■ **Problem description**: Look through the material below and show every line with the word "picture".
BEGIN Given data
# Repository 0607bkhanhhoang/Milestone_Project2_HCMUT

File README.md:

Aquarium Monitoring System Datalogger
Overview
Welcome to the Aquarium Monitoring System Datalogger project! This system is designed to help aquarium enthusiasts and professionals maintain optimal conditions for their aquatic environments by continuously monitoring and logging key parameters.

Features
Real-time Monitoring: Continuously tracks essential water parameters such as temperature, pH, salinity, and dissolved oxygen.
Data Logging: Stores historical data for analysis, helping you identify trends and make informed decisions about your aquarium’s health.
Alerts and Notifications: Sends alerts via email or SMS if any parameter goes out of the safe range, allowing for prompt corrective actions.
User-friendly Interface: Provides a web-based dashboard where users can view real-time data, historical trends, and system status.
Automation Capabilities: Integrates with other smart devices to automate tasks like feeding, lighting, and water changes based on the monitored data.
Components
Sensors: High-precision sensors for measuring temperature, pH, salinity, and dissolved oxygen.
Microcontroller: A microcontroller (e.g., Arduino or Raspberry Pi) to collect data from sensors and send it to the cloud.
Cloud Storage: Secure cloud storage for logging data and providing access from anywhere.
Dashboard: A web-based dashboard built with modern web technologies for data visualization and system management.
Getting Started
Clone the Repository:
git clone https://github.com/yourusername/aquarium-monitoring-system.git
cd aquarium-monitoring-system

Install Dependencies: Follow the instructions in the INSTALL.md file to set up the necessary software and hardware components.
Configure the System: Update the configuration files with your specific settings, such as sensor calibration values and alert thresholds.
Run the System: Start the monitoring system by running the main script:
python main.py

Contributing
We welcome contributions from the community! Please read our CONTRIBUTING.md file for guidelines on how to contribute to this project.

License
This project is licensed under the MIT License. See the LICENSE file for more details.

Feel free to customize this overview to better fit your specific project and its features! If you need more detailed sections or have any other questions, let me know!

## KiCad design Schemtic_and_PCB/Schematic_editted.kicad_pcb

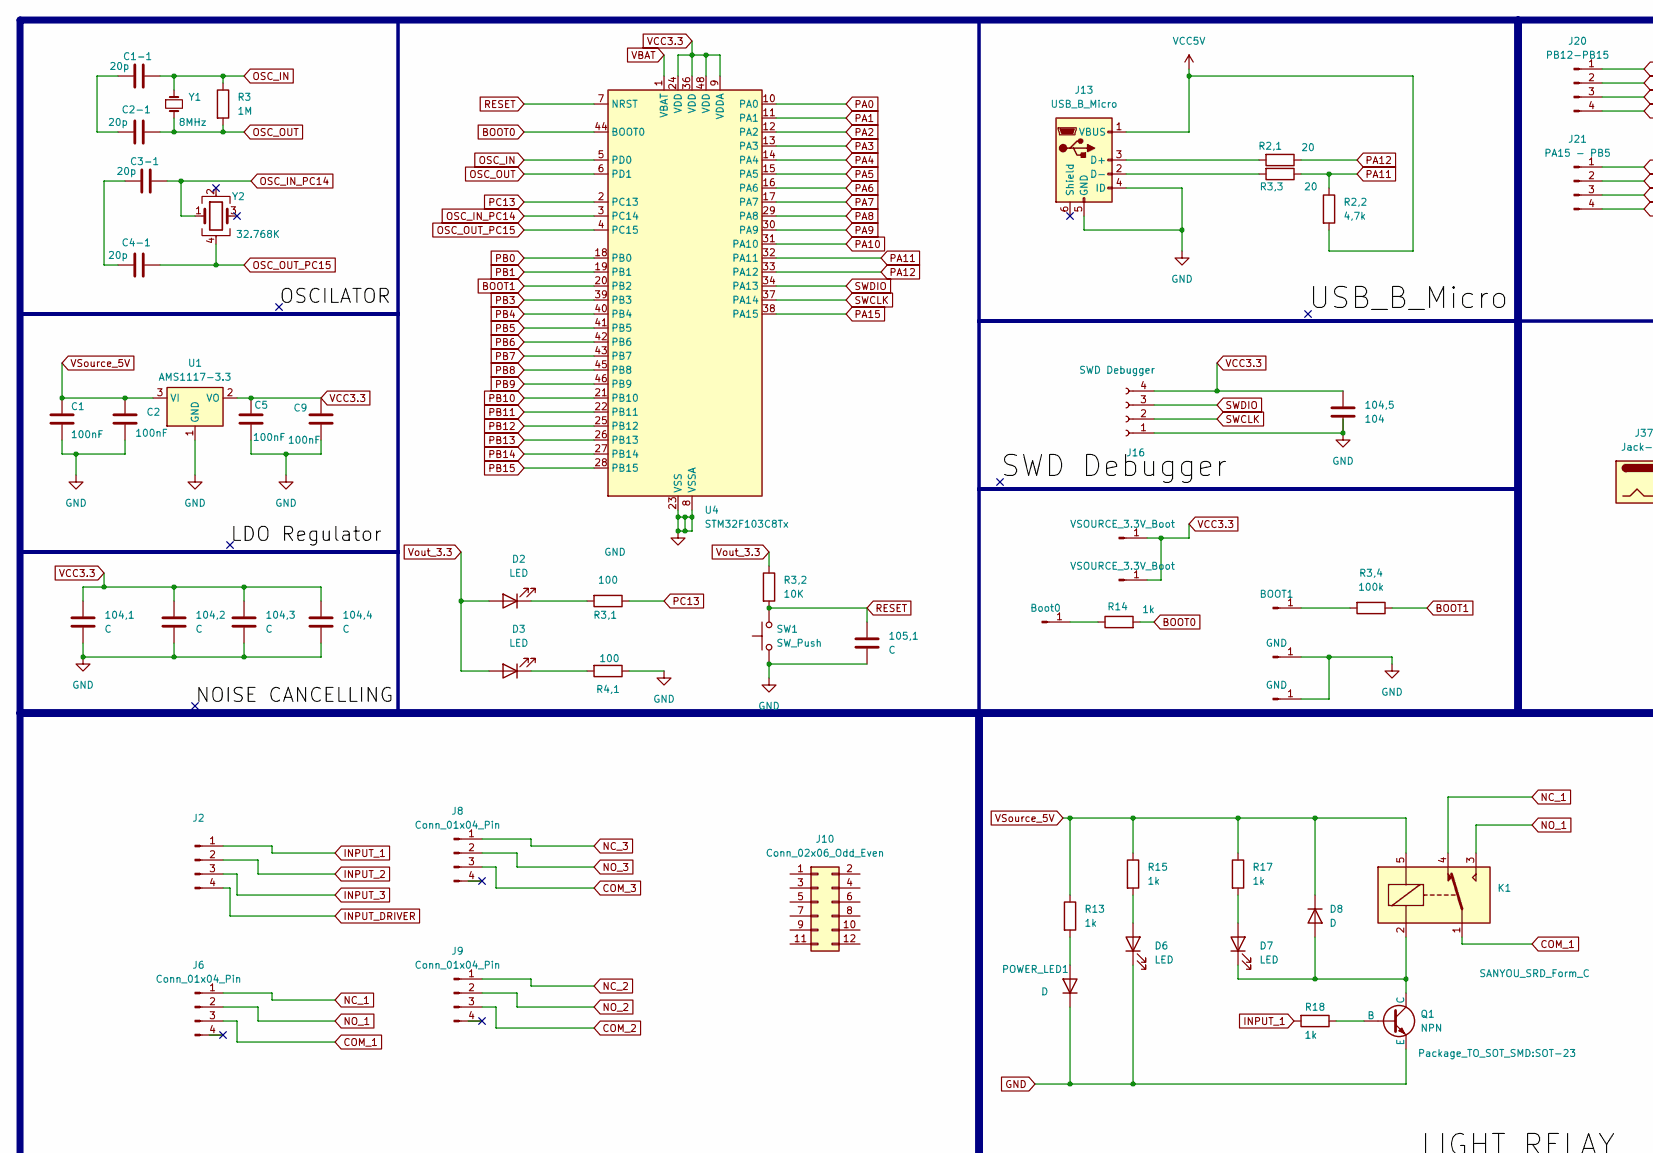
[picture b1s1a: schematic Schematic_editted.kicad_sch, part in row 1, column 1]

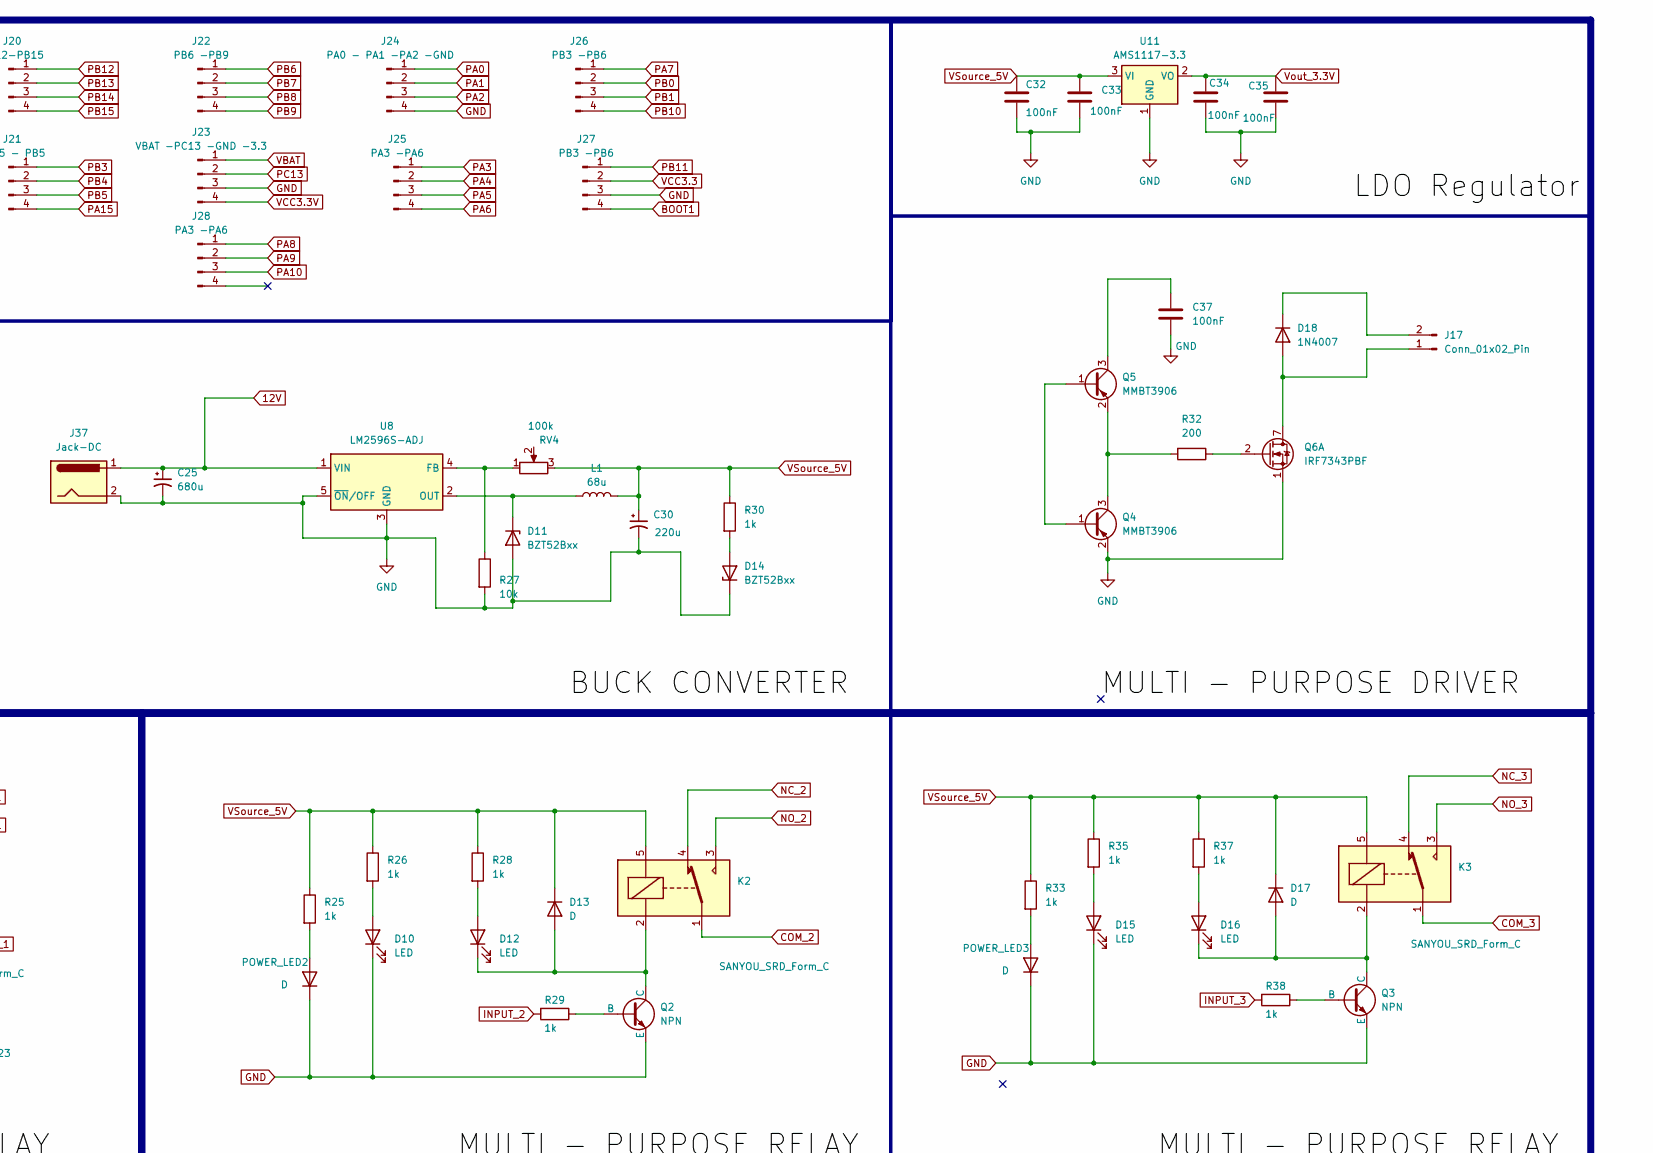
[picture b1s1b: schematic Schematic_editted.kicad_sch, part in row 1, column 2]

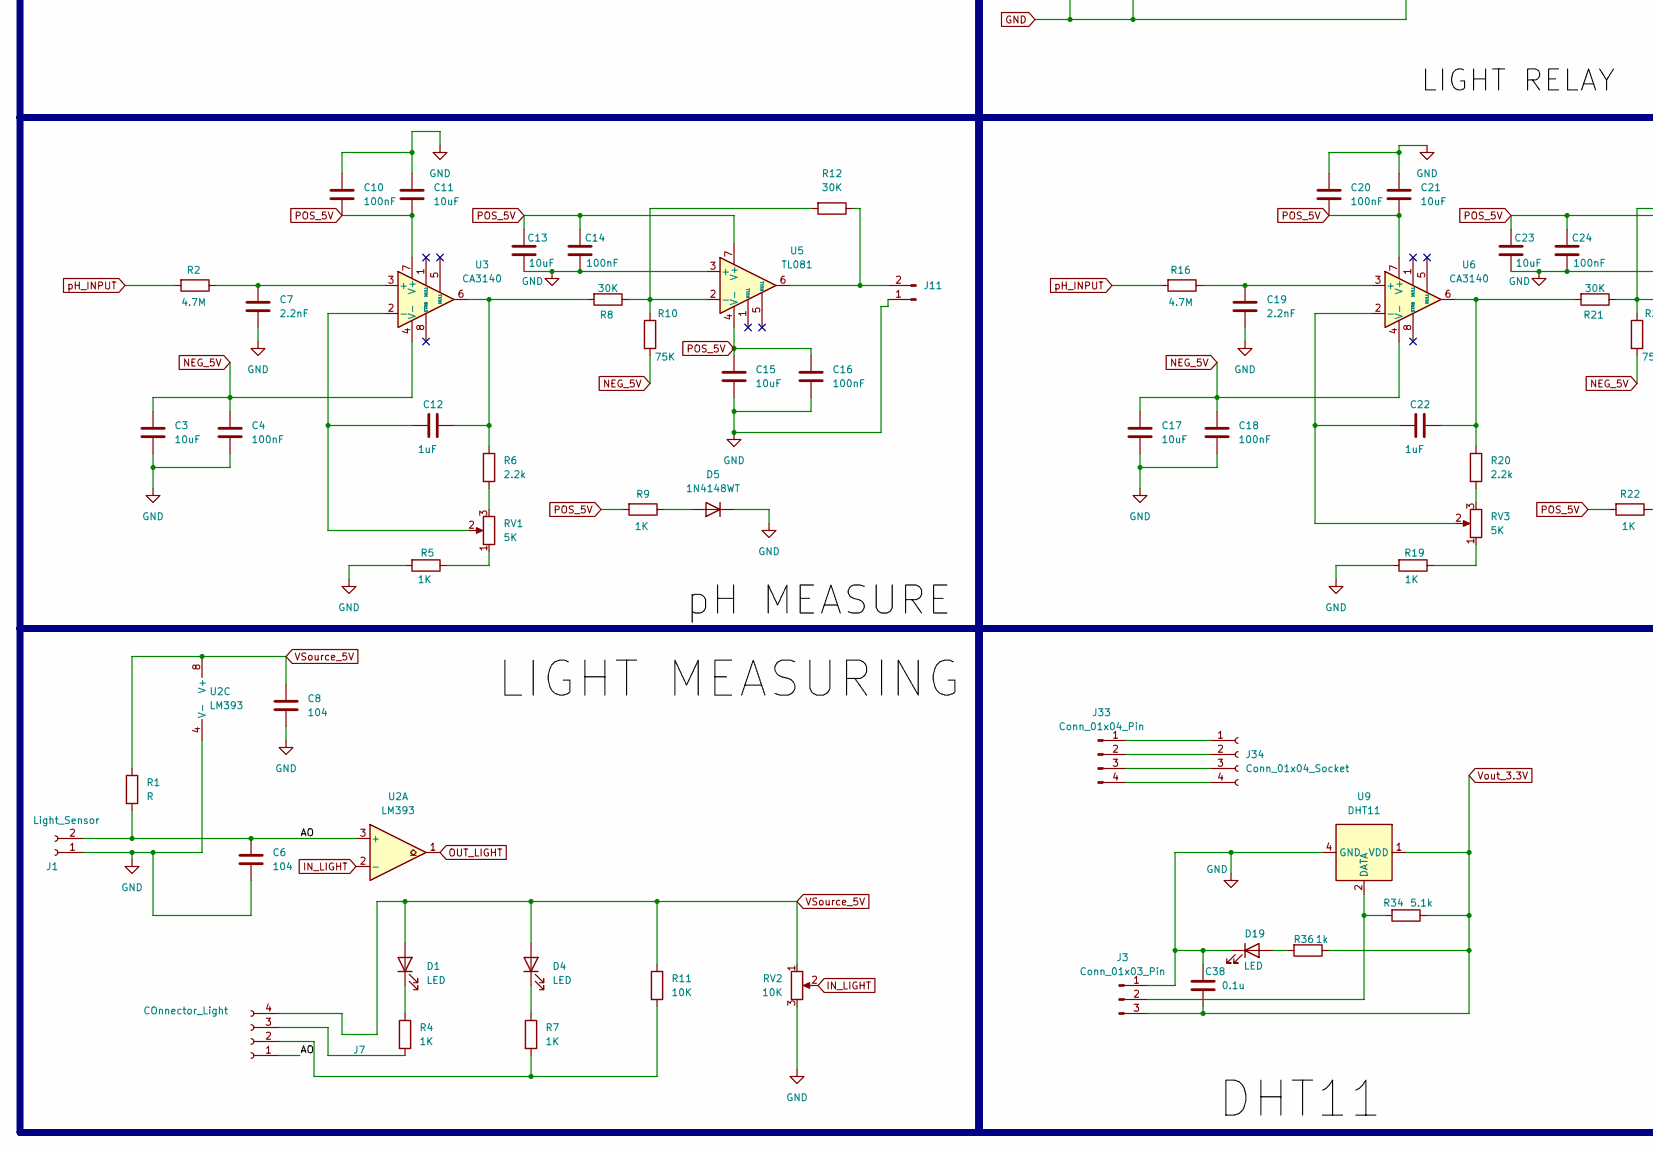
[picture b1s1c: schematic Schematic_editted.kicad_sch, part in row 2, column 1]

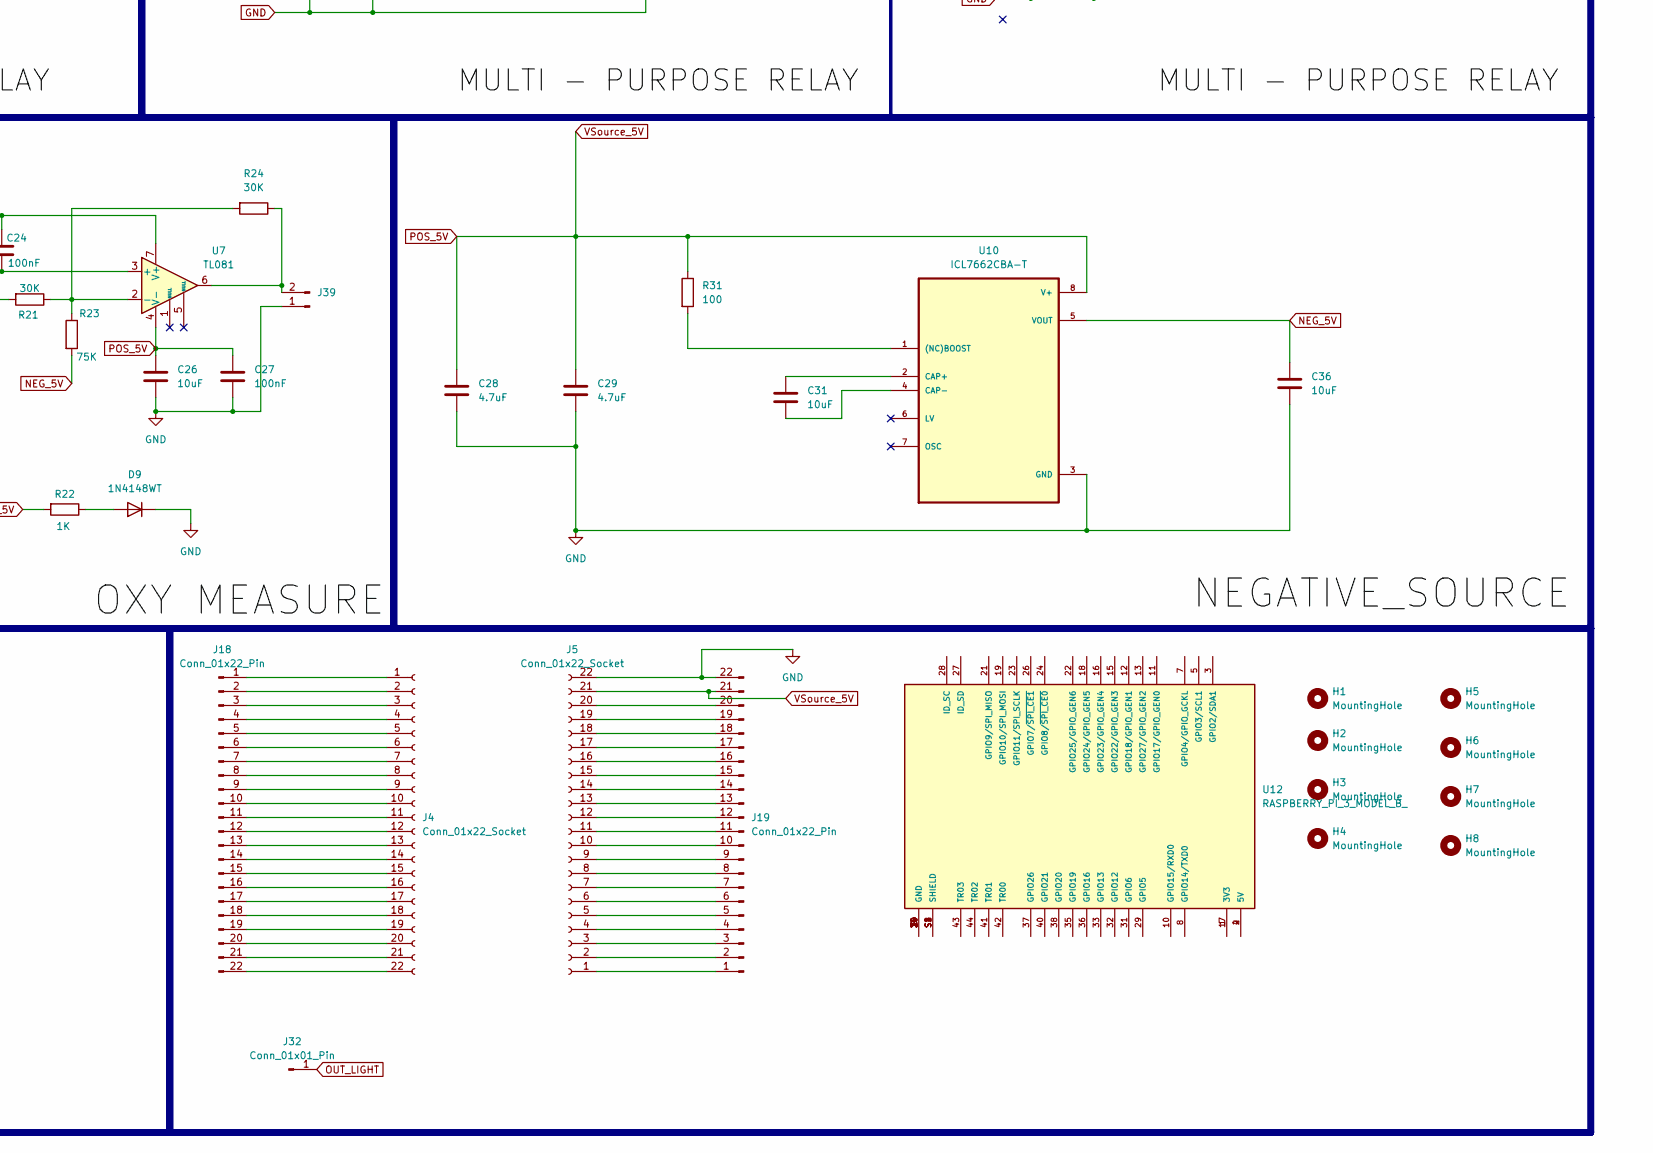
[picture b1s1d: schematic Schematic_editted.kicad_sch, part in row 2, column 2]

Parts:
104,1: C; C_0201_0603Metric
104,2, 105,1: C; C_0603_1608Metric
104,3, 104,4: C; C_0603_1608Metric_Pad1.08x0.95mm_HandSolder
104,5: 104; C_0603_1608Metric
C1, C2, C4, C5, C9, C10, C14, C16, C18, C20, C24, C27, C32, C33, C34, C35, C37: 100nF; C_0603_1608Metric
C1-1, C2-1, C3-1, C4-1: 20p; C_0603_1608Metric
C3, C11, C13, C15, C17, C21, C23, C26, C36: 10uF; C_0603_1608Metric
C6, C8: 104; C_0603_1608Metric
C7, C19: 2.2nF; C_0603_1608Metric
C12, C22: 1uF; C_0603_1608Metric
C25: 680u; CP_Elec_10x10.5
C28: 4.7uF; C_0805_2012Metric_Pad1.18x1.45mm_HandSolder
C29: 4.7uF; C_0805_2012Metric
C30: 220u; CP_Elec_10x10.5
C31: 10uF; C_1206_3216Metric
END Given data
■ **Written answer**:
[picture b1s1a: schematic Schematic_editted.kicad_sch, part in row 1, column 1]
[picture b1s1b: schematic Schematic_editted.kicad_sch, part in row 1, column 2]
[picture b1s1c: schematic Schematic_editted.kicad_sch, part in row 2, column 1]
[picture b1s1d: schematic Schematic_editted.kicad_sch, part in row 2, column 2]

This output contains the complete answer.